If you need to shuffle indices randomly so you essentially have a random filling of K but indices must be unique, you'll be interested in RANDPERM. Ex.:
>> randperm(10)
ans =
2 7 3 10 4 1 9 5 6 8
you see here that all integers between 1 and 10 are present, but they were permuted randomly.
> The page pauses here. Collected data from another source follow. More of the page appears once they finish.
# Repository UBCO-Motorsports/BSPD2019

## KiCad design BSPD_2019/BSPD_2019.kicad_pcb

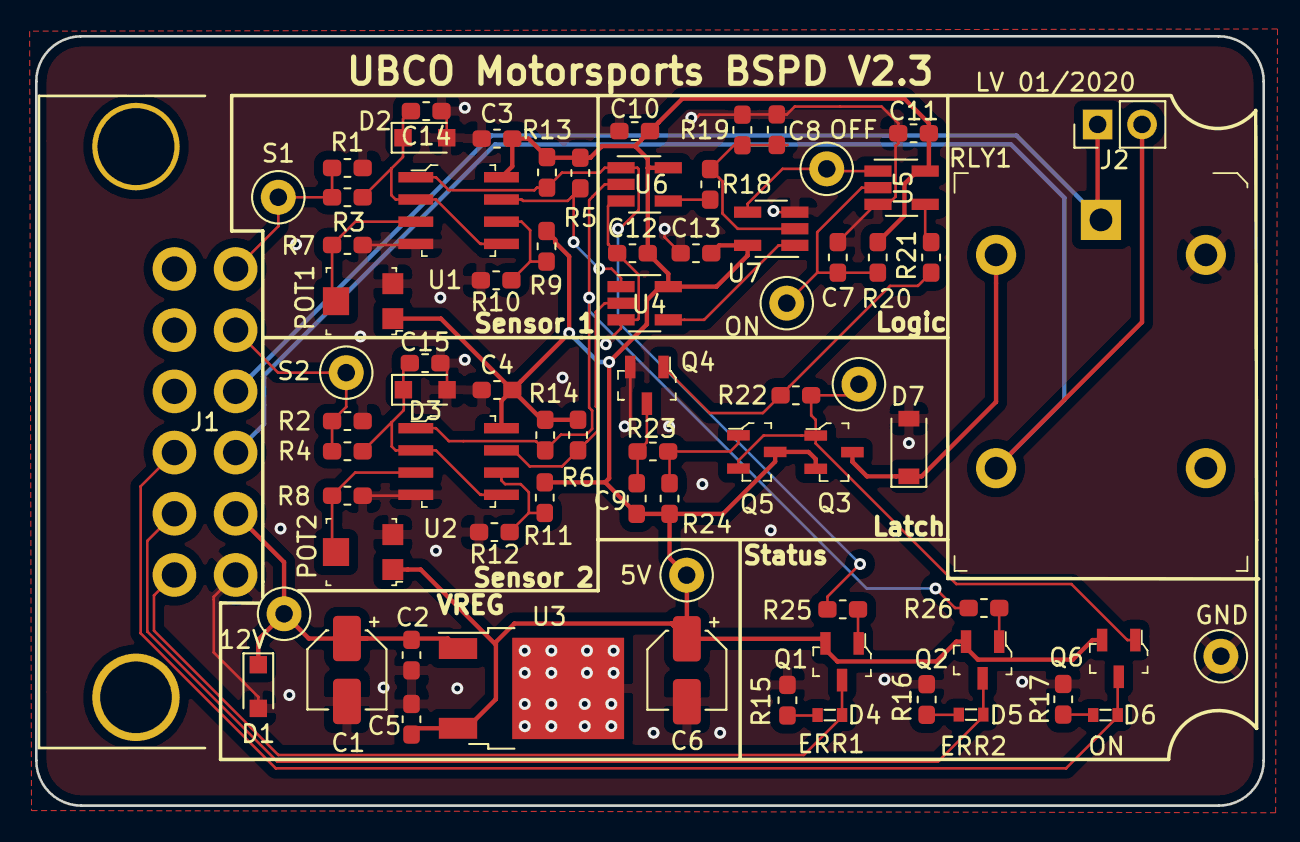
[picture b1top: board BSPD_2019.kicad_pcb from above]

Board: 2 copper layers, 70.2 x 44.0 mm, 74 parts (0 on the bottom side), 36 nets.

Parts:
C1, C6: 10u; CP_Elec_4x5.4
C2, C5: 10n; C_0603_1608Metric_Pad1.05x0.95mm_HandSolder
C3, C4, C10, C11, C12, C13, C14, C15: 100n; C_0603_1608Metric_Pad1.05x0.95mm_HandSolder
C7, C8: 22u; C_0603_1608Metric_Pad1.05x0.95mm_HandSolder
C9: 1u; C_0603_1608Metric_Pad1.05x0.95mm_HandSolder
D1: ESD; D_SOD-323_HandSoldering
D2, D3: TVS; D_SOD-323_HandSoldering
D4: LED_ERR1 (RED); 0603
D5: LED_ERR2 (RED); 0603
D6: LED_RELAYON (GREEN); 0603
D7: Flyback; D_SOD-123
J1: MX120G
J2: Override; PinHeader_1x02_P2.54mm_Vertical
POT1, POT2: 20k; Trimpot_3.8mmx3.6mm_TC33X-2-103E
Q1, Q2, Q3, Q6: BSS84; SOT-23-3
Q4: NPN; SOT-23-3
Q5: PNP; SOT-23-3
R1, R2, R9, R11, R19, R20: 100k; R_0603_1608Metric_Pad1.05x0.95mm_HandSolder
R3, R4, R5, R6, R7, R8, R10, R12, R13, R14, R21, R23, R24: 10k; R_0603_1608Metric_Pad1.05x0.95mm_HandSolder
R15, R16, R17: 220; R_0603_1608Metric_Pad1.05x0.95mm_HandSolder
R18: 70k; R_0603_1608Metric_Pad1.05x0.95mm_HandSolder
R22: 20k; R_0603_1608Metric_Pad1.05x0.95mm_HandSolder
R25, R26: 1k; R_0603_1608Metric_Pad1.05x0.95mm_HandSolder
RLY1: JSM1-12V-5; Relay_JSM1-12V-5
TP1: SENS1 TP; TestPoint_Loop_D2.50mm_Drill1.0mm_LowProfile
TP2: SENS2 TP; TestPoint_Loop_D2.50mm_Drill1.0mm_LowProfile
TP3: GND TP; TestPoint_Loop_D2.50mm_Drill1.0mm_LowProfile
TP4: 5V TP; TestPoint_Loop_D2.50mm_Drill1.0mm_LowProfile
TP5: 12V TP; TestPoint_Loop_D2.50mm_Drill1.0mm_LowProfile
TP6: Shutdown TP; TestPoint_Loop_D2.50mm_Drill1.0mm_LowProfile
TP7: Power-On TP; TestPoint_Loop_D2.50mm_Drill1.0mm_LowProfile
TP8: Latch TP; TestPoint_Loop_D2.50mm_Drill1.0mm_LowProfile
U1, U2: LM393ADR; SOIC-8_W3.9mm
U3: NCV7805BDTRKG; TO-252-3_TabPin4
U4: NAND GATE; SOT-23-5_HandSoldering
U5: AND; SOT-23-5_HandSoldering
U6: NOR GATE; SOT-23-5_HandSoldering
U7: OR GATE; SOT-23-5_HandSoldering

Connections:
+5V: C3.2, C4.2, C5.2, C6.1, C9.1, C10.2, C11.2, C12.2, C13.2, POT1.1, POT2.1, Q1.2, Q2.2, Q3.2, Q5.3, Q6.2, R5.2, R6.2, R9.2, R11.2, R13.2, R14.2, R20.1, R24.1, TP4.1, U1.8, U2.8, U3.3, U4.5, U5.5, U6.5, U7.5
+12V: C1.1, C2.2, D1.1, J1.5, TP5.1, U3.1
ERR1_OUT: D4.1, J1.12, Q1.3
ERR2_OUT: D5.1, J1.11, Q2.3
GND: C1.2, C2.1, C3.1, C4.1, C5.1, C6.2, C7.2, C8.2, C10.1, C11.1, C12.1, C13.1, C14.1, C15.1, D1.2, D2.2, D3.2, D7.2, J1.6, POT1.3, POT2.3, Q4.2, R1.1, R2.1, R7.1, R8.1, R10.1, R12.1, R15.1, R16.1, R17.1, R19.2, RLY1.5, TP3.1, U1.4, U2.4, U3.2, U3.4, U4.3, U5.3, U6.3, U7.3
unnamed: C7.1, R20.2, TP7.1, U5.2
unnamed: C8.1, R18.2, R19.1, U7.2
unnamed: C9.2, Q4.3, R23.2
unnamed: C14.2, D2.1, R3.1, U1.2, U1.5
unnamed: C15.2, D3.1, R4.1, U2.2, U2.5
unnamed: D4.2, R15.2
unnamed: D5.2, R16.2
unnamed: D6.2, R17.2
unnamed: POT1.2, R7.2, U1.3
unnamed: POT2.2, R8.2, U2.3
unnamed: Q1.1, R25.1
unnamed: Q2.1, R26.1
unnamed: Q4.1, R21.2, R22.1
unnamed: Q5.1, R23.1, R24.2
unnamed: R9.1, R10.2, U1.6
unnamed: R11.1, R12.2, U2.6
unnamed: R18.1, U6.4
unnamed: R21.1, U5.4
unnamed: TP6.1, U5.1, U7.4
unnamed: U4.4, U7.1
ON_OUT: D6.1, J1.10, Q6.3
RELAY: Q3.1, Q5.2, Q6.1, R22.2, TP8.1
RELAY_I: J1.3, J2.1, RLY1.1
RELAY_O: J1.4, J2.2, RLY1.3
Relay_Supply: D7.1, Q3.3, RLY1.2
SENS1: J1.1, R1.2, R3.2, TP1.1
SENS1_DC: R5.1, U1.7, U4.1
SENS1_ERR: R13.1, R25.2, U1.1, U6.1
SENS2: J1.2, R2.2, R4.2, TP2.1
SENS2_DC: R6.1, U2.7, U4.2
SENS2_ERR: R14.1, R26.2, U2.1, U6.2

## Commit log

2019-11-20 First Add
2019-11-29 Increased LED resistors from 100 to 220ohms
2019-12-03 Fixed ESD diode footprints
2020-01-16 V2.2
    Modifications to logic replacing the previous multi-diode layout to a logical OR gate. Changed VREG to a novalithic part with a different footprint
2021-01-28 Some small changes
2021-01-28 Updated symbols to use Lukas_Library

I don't fully understand what you want to do, but here one way to perform the last bit of your statement without a loop:
>> Z2 = (10:10:100).' % Simple example.
Z2 =
10
20
30
40
50
60
70
80
90
100
>> idx = 1:4:numel(Z2)
idx =
1 5 9
>> K = zeros(numel(Z2), 4)
K =
0 0 0 0
0 0 0 0
0 0 0 0
0 0 0 0
0 0 0 0
0 0 0 0
0 0 0 0
0 0 0 0
0 0 0 0
0 0 0 0
>> K(idx,1) = Z2(idx)
K =
10 0 0 0
0 0 0 0
0 0 0 0
0 0 0 0
50 0 0 0
0 0 0 0
0 0 0 0
0 0 0 0
90 0 0 0
0 0 0 0
  2 Comments
Mark
Mark on 10 Mar 2013
Thank you Cedric. This absolutely answered my question. I ended up using it multiple times in my situation.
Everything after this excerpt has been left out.